• _The problem_
Your answer should be the lines below from the one holding "# ---- cameras" through the one holding "me_cube = bpy.data.meshes.new('Cube')", copied exactly and with nothing else.

** The records follows **

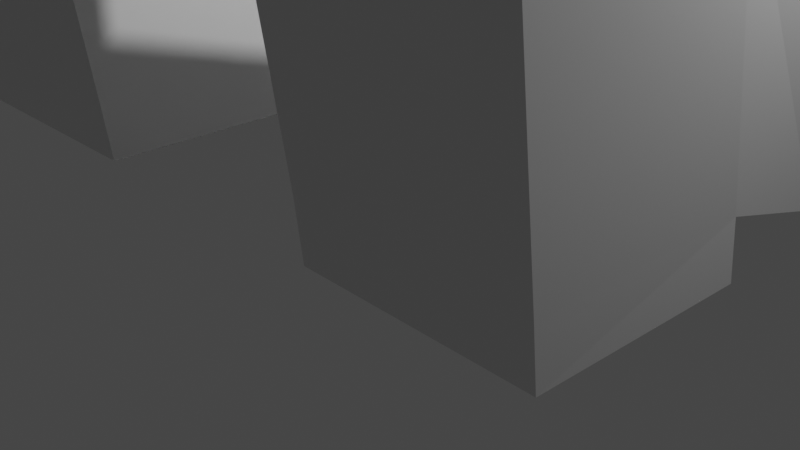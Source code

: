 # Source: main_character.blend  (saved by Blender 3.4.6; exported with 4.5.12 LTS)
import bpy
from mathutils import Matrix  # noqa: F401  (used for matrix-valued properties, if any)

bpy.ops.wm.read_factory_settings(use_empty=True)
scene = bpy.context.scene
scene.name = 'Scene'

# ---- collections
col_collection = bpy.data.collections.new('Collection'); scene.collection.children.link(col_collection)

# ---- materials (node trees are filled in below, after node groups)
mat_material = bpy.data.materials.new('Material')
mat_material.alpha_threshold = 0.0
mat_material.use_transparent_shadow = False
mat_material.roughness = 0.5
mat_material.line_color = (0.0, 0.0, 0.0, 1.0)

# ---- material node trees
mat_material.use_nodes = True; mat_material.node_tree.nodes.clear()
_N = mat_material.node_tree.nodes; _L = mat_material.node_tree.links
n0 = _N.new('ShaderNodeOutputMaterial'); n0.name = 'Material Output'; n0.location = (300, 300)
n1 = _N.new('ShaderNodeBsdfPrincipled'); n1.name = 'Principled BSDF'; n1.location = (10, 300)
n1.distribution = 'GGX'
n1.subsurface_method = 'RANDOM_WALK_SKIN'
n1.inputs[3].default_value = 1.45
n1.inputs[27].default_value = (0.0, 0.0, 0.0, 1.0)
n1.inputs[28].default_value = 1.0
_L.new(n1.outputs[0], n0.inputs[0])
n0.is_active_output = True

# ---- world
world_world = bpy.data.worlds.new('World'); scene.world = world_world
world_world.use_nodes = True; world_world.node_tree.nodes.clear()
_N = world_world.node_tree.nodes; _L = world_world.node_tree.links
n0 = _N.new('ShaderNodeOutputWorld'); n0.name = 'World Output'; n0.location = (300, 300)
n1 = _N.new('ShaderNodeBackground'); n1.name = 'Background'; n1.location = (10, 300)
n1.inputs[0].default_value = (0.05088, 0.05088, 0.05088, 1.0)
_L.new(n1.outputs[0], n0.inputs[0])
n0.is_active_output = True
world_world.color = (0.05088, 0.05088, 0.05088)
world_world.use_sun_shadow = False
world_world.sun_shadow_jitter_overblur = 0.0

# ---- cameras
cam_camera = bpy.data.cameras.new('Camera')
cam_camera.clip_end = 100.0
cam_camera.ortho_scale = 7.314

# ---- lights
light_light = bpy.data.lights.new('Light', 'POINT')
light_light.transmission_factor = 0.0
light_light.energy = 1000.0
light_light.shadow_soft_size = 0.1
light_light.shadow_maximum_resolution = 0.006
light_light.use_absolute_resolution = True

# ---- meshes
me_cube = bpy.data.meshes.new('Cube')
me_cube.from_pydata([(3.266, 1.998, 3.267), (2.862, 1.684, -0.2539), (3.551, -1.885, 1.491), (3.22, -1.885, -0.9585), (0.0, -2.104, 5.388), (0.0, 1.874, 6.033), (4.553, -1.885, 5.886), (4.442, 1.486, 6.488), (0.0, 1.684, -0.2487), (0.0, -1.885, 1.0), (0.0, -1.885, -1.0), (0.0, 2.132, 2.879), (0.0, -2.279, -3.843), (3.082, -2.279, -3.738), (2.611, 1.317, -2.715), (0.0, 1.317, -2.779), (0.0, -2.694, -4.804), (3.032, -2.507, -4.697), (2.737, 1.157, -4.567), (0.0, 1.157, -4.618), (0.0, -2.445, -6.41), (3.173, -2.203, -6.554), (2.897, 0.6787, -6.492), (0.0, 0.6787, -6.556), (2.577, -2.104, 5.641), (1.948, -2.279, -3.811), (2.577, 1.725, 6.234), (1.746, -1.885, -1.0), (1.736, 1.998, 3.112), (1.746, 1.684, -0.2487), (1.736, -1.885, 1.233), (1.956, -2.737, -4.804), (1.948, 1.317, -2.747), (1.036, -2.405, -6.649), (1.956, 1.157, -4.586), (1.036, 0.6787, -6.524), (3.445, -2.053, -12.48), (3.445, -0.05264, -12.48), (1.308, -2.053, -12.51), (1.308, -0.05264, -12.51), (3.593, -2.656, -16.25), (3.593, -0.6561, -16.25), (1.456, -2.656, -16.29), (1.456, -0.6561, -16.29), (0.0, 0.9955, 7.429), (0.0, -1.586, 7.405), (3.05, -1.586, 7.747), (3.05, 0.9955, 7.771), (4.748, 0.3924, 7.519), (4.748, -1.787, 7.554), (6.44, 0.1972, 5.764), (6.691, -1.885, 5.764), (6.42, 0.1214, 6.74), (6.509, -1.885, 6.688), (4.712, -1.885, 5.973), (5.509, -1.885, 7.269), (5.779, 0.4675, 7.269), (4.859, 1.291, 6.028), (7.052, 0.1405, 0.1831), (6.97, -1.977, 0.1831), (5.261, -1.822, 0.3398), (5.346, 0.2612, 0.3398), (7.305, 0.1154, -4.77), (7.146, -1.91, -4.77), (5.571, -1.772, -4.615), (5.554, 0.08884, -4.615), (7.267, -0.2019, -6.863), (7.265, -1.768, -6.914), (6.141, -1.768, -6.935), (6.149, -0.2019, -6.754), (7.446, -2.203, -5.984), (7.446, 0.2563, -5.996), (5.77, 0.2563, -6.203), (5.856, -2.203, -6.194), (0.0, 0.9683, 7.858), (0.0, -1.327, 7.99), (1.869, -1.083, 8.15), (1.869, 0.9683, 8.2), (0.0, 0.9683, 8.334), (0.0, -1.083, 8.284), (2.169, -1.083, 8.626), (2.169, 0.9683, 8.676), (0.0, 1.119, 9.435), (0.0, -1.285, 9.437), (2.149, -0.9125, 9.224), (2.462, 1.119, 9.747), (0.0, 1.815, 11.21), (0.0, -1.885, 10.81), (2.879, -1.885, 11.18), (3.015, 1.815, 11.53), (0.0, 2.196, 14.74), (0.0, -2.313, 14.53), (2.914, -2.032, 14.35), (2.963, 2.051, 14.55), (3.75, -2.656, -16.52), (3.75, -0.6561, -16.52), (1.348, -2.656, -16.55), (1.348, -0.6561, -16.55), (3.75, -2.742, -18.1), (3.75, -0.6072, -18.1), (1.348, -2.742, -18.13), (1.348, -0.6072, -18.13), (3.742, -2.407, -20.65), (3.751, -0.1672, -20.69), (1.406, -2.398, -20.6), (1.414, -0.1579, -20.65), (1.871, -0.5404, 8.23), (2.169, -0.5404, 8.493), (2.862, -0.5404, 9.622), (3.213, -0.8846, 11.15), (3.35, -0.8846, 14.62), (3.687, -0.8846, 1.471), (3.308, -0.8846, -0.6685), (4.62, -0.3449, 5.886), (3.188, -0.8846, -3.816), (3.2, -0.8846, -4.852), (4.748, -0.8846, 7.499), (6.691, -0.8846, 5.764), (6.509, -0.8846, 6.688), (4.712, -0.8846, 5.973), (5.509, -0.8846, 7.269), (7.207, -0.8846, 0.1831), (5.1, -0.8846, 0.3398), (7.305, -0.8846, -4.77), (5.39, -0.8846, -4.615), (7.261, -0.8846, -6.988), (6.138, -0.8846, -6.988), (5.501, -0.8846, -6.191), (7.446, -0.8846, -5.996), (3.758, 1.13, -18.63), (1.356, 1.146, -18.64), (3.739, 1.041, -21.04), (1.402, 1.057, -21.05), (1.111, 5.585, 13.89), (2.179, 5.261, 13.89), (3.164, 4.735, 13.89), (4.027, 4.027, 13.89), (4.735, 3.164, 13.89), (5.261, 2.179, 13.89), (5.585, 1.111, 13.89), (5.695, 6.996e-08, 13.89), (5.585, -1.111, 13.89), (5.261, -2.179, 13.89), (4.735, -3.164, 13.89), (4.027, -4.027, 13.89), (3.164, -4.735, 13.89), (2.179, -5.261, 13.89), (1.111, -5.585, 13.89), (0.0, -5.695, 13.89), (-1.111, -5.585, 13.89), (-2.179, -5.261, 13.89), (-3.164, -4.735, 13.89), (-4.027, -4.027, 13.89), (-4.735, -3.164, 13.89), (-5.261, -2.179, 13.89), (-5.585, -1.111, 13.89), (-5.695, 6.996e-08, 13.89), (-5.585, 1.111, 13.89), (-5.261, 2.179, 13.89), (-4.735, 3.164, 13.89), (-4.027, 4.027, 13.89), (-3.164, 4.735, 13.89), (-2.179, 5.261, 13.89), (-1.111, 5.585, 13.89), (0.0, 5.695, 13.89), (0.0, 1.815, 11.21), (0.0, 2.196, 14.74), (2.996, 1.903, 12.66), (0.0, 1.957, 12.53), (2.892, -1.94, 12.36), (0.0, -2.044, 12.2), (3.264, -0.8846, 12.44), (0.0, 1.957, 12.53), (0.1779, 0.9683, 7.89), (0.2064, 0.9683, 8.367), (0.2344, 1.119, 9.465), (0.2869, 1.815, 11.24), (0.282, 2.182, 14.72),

** End of The records **

• _Answer section_
# ---- cameras
cam_camera = bpy.data.cameras.new('Camera')
cam_camera.clip_end = 100.0
cam_camera.ortho_scale = 7.314

# ---- lights
light_light = bpy.data.lights.new('Light', 'POINT')
light_light.transmission_factor = 0.0
light_light.energy = 1000.0
light_light.shadow_soft_size = 0.1
light_light.shadow_maximum_resolution = 0.006
light_light.use_absolute_resolution = True

# ---- meshes
me_cube = bpy.data.meshes.new('Cube')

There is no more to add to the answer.